Menu
Wed, 25 December 2024

Newsletter sign-up

Subscribe now
The House Live All
Defence
Defence
Press releases

Senior Tories urge Dominic Raab to call Chinese oppression of Uighurs ‘genocide’ and sanction officials

Dominic Raab was called on to do more to deal with the situation in Xinjiang province (PA)

3 min read

Senior Conservatives have called on Dominic Raab to get even tougher with China and declare there is a “genocide” of the Uighur people taking place.

After the Foreign Secretary announced the UK is suspending its extradition treaty with Hong Kong a succession of his party’s backbenchers said he must do more to respond to evidence of widespread human rights abuses in Xinjiang province.

He made a statement in the Commons amid ongoing tensions with Beijing on multiple fronts, including criticising their actions toward the Muslim minority Uighur population.

But Tom Tugendhat, the Tory chair of the foreign affairs select committee, asked why Mr Raab, with his background as a human rights lawyer “hasn't yet made an announcement on the abuse of the Uighur Muslim population in western China”.

Referencing sanctions imposed on China by the US, the Conservative MP asked the Foreign Secretary why he had yet to take  "action that his opposite number in the United States, or rather the US Treasury, has already taken"

Mr Raab said of the situation in Xinjiang: “We have made very clear our position, indeed we led for the first time in the United Nations Human Rights Council, a statement on the situation on human rights in both Hong Kong and Xinjiang."

"Twenty-seven countries in total signed that statement," the Foreign Secretary added. "It's the first time it's been done.”

But fellow Conservative and former minister Nus Ghani called the UN a “busted flush” on China.

And she urged the Government to conduct an independent inquiry into a potential genocide in Xinjiang.

Hitting out at Mr Raab for only mentioning the Uighurs once in his statement, Ms Ghani added: “If there was enough evidence for the Americans to put sanctions on officials in Xinjiang can the Foreign Secretary have sight of this evidence to see if we can do the same here?"

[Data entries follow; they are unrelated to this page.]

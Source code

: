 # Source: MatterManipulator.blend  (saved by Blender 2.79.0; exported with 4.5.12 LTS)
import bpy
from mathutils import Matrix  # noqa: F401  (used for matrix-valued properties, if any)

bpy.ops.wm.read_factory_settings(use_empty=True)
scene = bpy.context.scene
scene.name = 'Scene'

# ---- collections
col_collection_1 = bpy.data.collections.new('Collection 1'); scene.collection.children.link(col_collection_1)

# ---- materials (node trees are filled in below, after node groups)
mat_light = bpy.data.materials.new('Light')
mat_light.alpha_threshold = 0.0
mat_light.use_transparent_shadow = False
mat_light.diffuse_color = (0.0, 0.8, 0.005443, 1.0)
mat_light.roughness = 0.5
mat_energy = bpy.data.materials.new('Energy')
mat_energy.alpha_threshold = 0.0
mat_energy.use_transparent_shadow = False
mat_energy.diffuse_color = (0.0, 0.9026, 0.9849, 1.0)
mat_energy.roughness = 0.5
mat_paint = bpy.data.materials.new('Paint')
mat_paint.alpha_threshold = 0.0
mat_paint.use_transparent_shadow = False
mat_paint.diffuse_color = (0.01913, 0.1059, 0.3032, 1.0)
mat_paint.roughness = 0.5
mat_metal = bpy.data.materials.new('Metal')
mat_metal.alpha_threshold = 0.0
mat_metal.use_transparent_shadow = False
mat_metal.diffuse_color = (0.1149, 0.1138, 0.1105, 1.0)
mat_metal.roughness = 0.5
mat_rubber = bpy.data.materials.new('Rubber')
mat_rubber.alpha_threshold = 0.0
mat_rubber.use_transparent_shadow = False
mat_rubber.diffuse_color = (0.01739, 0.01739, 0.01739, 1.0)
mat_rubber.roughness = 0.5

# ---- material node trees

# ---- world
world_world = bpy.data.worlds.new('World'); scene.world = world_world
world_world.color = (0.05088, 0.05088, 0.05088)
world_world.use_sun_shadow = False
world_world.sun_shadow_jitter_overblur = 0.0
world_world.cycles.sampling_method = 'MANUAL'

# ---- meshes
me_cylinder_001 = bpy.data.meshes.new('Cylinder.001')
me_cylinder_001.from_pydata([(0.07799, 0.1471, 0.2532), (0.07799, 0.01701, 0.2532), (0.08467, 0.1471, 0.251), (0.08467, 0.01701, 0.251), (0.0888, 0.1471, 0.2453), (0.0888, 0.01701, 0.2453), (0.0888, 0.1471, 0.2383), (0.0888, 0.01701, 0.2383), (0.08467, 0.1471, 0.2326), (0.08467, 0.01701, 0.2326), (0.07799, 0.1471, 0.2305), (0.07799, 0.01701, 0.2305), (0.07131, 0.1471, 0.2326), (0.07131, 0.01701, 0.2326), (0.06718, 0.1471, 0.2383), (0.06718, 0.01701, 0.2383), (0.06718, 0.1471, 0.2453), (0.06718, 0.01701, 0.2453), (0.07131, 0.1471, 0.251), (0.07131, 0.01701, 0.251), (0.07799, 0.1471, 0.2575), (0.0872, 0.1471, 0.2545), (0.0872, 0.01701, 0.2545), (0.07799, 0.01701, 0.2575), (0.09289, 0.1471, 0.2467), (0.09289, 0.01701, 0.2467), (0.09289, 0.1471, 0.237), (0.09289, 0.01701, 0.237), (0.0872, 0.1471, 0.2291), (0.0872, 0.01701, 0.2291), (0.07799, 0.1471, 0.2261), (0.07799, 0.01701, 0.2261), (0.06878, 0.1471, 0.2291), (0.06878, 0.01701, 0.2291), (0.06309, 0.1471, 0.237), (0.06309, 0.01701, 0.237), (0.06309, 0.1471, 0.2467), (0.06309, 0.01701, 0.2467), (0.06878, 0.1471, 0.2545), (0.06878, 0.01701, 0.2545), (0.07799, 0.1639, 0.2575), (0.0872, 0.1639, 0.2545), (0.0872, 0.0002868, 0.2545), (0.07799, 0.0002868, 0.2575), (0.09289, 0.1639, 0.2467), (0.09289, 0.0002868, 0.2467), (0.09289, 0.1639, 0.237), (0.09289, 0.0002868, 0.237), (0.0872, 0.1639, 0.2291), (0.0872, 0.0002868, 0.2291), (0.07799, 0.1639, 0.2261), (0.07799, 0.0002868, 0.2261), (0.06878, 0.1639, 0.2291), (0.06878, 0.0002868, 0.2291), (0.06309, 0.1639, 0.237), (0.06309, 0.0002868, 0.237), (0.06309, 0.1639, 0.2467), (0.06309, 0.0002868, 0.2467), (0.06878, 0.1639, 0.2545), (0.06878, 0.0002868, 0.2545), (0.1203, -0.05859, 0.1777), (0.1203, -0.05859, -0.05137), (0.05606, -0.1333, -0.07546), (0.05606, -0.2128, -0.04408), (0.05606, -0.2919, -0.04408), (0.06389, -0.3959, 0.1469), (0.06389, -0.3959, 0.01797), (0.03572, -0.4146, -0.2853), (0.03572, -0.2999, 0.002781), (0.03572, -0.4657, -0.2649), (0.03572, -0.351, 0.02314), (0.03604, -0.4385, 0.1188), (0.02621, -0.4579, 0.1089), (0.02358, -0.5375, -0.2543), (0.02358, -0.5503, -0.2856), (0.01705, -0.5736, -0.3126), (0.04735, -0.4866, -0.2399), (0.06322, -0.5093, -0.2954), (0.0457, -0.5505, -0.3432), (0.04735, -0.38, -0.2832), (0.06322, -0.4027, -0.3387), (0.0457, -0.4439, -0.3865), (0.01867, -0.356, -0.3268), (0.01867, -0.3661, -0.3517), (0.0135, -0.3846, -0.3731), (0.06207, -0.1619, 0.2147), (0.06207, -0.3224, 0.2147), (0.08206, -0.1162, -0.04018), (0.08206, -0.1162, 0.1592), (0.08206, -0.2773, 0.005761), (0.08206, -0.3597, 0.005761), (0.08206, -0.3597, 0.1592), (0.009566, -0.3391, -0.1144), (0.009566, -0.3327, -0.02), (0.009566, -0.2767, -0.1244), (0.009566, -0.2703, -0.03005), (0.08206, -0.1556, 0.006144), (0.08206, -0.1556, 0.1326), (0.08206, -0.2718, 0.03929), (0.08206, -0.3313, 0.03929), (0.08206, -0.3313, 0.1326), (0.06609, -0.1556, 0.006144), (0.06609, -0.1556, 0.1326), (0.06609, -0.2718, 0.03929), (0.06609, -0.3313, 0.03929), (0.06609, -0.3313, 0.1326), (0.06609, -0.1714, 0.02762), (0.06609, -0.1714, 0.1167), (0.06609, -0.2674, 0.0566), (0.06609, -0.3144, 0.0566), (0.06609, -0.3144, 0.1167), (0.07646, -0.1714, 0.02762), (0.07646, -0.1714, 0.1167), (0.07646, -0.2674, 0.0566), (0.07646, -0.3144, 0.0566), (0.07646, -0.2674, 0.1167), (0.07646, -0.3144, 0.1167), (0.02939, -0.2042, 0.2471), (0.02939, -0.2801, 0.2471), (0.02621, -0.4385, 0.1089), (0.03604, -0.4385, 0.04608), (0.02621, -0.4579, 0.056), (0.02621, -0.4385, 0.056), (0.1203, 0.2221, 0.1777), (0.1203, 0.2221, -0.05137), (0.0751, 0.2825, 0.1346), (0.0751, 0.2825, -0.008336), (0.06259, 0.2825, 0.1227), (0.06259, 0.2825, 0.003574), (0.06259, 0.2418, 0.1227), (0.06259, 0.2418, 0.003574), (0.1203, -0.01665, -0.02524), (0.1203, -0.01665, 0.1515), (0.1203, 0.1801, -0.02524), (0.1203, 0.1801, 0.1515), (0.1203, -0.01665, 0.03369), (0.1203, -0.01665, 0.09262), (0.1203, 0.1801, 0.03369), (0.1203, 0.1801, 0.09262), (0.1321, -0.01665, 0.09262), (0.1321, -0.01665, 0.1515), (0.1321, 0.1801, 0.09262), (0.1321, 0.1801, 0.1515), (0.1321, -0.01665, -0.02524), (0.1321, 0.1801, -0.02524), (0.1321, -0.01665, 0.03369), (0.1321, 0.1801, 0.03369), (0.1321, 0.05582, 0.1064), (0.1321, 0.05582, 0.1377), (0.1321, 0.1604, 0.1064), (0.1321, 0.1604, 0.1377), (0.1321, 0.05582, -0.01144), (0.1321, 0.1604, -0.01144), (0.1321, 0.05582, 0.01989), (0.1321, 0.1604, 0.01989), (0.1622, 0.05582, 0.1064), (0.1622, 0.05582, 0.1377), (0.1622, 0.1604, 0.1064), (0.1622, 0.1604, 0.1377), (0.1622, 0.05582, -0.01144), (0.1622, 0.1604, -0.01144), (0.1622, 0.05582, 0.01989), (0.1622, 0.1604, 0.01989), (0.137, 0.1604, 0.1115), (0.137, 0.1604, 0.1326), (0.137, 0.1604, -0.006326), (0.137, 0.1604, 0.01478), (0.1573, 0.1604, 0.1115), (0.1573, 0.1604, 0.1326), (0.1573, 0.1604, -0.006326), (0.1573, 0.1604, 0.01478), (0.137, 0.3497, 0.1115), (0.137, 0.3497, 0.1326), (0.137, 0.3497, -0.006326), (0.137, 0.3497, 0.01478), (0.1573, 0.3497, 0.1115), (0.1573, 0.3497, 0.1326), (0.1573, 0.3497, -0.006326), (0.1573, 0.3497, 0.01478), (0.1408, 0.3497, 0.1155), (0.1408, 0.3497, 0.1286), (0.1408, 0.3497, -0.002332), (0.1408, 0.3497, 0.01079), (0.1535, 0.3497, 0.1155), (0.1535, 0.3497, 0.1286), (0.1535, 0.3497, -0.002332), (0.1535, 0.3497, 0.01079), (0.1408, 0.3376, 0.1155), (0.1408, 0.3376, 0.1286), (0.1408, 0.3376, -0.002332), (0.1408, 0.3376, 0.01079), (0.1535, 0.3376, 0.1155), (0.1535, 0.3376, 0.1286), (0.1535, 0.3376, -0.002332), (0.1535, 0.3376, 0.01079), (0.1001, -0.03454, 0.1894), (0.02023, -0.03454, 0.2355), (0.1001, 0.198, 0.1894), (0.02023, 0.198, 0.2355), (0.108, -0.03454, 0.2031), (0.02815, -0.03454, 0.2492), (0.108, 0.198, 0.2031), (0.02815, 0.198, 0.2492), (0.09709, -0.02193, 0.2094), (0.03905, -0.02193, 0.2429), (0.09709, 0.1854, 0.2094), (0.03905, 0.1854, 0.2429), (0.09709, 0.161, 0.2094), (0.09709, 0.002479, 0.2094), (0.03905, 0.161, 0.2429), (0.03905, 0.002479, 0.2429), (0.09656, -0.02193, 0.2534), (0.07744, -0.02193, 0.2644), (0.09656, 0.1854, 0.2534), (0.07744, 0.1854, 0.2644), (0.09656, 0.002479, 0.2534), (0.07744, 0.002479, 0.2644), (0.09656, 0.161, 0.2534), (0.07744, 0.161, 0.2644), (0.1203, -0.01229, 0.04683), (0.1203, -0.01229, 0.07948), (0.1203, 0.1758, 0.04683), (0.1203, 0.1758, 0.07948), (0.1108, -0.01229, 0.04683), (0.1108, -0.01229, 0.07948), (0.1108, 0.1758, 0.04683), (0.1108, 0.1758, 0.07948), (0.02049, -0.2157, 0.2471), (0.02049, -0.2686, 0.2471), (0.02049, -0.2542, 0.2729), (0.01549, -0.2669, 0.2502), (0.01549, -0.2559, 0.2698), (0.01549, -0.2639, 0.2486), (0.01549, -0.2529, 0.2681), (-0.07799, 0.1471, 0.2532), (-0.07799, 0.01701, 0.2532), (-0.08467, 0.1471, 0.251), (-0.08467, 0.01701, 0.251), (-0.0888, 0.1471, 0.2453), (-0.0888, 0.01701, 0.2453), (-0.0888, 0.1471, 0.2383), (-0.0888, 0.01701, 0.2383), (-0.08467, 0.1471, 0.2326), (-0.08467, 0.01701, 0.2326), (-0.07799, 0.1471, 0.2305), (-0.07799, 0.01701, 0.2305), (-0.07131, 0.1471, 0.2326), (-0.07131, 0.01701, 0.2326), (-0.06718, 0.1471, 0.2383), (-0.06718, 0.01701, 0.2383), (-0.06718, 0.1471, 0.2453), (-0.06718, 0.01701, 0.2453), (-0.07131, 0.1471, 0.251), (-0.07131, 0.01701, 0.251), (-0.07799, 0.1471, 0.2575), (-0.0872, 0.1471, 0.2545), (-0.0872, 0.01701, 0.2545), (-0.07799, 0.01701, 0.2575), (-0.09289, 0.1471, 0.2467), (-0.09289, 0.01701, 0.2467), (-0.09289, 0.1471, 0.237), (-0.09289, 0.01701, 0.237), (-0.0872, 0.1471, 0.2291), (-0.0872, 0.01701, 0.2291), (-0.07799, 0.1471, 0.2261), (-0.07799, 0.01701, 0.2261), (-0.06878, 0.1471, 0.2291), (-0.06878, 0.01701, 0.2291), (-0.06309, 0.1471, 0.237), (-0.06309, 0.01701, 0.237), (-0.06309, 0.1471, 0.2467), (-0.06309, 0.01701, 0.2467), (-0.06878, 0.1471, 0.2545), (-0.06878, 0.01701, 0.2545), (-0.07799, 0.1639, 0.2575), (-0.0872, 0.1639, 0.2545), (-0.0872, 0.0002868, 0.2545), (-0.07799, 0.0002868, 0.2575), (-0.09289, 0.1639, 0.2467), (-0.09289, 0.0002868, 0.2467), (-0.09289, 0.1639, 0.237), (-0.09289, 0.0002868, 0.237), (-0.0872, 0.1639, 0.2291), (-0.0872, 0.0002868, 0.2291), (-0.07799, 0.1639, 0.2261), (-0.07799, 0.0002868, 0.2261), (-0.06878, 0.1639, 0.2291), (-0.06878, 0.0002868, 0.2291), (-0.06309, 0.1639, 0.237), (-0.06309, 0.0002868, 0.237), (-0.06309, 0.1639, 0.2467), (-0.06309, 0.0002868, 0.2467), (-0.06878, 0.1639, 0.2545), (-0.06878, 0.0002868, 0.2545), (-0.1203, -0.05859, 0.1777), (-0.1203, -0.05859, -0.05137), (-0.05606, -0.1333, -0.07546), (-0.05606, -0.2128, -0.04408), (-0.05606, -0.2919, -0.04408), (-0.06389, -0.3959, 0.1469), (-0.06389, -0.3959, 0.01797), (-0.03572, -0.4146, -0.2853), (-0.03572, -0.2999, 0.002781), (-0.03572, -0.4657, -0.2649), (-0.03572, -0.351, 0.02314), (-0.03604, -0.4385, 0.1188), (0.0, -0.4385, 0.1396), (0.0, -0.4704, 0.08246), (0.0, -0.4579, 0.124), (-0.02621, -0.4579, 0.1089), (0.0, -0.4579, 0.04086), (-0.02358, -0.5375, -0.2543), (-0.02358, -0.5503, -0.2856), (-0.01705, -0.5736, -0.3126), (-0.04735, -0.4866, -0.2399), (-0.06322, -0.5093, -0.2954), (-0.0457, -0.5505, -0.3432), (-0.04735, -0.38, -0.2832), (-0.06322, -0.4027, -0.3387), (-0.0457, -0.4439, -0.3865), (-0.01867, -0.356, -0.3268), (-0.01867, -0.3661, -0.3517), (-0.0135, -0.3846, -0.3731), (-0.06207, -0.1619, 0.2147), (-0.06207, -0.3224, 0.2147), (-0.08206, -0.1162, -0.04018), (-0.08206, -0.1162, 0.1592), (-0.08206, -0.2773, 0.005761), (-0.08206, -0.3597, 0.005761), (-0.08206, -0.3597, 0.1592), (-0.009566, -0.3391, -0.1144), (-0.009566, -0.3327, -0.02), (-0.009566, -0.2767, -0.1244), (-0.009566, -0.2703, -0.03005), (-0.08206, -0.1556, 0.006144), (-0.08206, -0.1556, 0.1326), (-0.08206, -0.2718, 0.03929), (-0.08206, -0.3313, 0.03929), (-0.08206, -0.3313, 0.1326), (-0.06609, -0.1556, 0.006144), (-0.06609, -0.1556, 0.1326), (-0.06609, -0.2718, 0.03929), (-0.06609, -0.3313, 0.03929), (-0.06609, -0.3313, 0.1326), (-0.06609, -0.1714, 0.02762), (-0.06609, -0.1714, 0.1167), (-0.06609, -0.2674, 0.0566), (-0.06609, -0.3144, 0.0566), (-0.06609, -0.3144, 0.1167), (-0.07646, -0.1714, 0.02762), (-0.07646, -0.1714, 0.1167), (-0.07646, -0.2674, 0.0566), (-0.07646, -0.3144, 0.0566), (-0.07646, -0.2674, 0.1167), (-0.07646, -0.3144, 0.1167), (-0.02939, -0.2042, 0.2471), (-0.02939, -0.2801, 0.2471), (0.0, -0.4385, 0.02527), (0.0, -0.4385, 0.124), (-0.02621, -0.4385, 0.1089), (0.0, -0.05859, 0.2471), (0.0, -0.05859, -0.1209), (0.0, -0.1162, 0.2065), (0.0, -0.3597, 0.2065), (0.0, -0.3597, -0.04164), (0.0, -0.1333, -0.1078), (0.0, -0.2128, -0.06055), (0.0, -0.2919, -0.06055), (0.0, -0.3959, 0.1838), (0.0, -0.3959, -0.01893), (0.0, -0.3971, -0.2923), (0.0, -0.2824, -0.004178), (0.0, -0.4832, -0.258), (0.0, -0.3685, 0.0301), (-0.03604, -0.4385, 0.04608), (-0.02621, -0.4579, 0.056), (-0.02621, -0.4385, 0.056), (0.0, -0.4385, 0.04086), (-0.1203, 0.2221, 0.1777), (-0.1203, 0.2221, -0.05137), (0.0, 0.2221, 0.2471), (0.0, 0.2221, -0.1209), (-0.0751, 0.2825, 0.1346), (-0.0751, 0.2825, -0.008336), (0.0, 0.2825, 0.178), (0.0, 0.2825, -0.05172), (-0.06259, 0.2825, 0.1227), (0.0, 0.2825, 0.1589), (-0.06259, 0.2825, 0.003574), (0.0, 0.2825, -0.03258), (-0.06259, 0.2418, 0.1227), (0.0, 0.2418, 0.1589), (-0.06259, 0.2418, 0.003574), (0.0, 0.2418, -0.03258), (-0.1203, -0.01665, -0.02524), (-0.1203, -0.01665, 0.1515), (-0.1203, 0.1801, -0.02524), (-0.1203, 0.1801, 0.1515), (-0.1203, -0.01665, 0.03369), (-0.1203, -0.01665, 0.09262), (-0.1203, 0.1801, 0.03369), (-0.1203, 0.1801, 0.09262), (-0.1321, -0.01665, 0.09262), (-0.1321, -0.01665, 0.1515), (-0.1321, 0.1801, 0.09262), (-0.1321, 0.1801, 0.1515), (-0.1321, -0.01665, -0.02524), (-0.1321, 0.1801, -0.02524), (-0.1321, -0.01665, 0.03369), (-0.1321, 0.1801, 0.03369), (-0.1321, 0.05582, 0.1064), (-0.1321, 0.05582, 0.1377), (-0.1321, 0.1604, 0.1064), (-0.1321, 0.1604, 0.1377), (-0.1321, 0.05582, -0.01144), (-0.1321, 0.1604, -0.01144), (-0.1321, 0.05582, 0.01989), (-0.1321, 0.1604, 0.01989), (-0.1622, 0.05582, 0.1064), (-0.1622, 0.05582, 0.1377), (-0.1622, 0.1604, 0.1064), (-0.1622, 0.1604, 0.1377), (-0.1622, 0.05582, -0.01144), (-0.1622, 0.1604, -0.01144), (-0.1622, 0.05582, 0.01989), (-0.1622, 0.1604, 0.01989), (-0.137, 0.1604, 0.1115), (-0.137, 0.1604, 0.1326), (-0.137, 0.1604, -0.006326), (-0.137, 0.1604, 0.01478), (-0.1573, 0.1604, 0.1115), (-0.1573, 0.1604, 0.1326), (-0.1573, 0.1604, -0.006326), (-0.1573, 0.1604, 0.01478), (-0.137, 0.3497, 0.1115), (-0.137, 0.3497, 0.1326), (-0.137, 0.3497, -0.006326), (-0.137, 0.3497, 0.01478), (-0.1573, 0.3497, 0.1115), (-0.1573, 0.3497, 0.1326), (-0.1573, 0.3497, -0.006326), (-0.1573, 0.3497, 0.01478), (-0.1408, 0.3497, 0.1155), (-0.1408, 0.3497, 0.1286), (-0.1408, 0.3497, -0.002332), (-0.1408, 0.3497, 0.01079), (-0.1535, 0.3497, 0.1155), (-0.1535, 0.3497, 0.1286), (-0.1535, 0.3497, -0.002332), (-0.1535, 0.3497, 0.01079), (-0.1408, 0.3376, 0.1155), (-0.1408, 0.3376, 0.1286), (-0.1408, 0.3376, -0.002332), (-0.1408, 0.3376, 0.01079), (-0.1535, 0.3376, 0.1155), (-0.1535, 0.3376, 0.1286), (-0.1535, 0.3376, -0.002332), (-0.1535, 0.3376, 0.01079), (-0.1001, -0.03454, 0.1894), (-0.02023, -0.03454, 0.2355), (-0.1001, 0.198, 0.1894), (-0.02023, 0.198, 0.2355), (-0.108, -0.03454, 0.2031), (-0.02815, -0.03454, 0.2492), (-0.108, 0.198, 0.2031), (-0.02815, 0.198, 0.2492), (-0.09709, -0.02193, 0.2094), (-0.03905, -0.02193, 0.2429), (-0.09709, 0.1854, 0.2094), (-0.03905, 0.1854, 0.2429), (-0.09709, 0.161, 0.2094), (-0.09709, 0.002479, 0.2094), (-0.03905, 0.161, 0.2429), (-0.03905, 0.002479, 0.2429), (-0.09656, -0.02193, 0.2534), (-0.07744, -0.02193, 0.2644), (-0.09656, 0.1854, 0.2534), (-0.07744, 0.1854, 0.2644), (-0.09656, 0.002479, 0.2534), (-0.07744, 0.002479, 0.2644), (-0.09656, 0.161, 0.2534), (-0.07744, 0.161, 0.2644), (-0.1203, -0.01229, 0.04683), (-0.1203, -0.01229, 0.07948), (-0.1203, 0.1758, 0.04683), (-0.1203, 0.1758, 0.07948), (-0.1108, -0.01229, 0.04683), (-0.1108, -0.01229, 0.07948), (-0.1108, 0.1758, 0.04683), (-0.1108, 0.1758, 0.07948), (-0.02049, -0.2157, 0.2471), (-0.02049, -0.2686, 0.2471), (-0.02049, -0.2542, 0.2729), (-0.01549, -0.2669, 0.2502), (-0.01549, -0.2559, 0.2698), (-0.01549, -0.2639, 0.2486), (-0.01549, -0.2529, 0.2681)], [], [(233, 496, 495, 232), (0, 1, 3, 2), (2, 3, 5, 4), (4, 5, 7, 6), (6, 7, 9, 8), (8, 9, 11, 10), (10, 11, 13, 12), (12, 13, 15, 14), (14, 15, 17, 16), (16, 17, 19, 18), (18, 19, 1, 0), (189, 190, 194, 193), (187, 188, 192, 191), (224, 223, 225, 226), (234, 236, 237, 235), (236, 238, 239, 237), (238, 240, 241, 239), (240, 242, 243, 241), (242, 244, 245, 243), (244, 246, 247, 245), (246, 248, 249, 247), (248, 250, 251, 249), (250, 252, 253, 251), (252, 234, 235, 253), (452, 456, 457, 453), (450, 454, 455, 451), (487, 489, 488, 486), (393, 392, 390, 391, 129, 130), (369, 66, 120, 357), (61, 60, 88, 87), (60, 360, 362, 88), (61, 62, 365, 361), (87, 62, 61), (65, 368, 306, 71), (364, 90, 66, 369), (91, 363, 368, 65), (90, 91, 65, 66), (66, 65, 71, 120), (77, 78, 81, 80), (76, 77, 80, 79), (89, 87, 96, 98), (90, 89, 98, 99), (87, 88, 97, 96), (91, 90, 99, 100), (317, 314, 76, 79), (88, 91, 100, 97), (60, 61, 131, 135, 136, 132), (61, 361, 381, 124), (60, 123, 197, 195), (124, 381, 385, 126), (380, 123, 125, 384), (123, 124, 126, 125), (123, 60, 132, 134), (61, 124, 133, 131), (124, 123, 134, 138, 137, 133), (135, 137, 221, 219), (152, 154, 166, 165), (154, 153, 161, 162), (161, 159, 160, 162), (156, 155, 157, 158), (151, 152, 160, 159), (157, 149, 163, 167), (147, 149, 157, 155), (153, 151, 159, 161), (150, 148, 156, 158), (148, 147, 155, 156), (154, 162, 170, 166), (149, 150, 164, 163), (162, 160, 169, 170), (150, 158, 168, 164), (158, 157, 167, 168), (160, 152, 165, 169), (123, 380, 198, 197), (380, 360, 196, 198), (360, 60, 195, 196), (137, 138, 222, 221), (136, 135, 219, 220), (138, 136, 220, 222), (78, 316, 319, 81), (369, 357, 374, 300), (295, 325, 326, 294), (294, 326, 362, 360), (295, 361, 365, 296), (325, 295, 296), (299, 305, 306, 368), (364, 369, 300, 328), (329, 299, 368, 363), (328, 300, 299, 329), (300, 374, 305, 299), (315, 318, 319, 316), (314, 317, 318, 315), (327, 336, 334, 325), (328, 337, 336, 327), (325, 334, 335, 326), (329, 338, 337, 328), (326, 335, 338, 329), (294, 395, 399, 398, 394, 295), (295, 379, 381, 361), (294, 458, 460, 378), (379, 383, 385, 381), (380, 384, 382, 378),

She asked: “The Foreign Secretary repeatedly states that the term 'genocide' is a legal term, and we need international courts to apply this.

"But when it comes to the UN and China, the UN is a busted flush. 

"So can I ask the Foreign Secretary whether he would consider convening an independent inquiry for us to collect evidence to see if genocide is taking place in Xinjiang?”

The Liberal Democrats' foreign affairs spokesman Alistair Carmichael also called on the FCO to label what is happening to the Uighurs as a genocide.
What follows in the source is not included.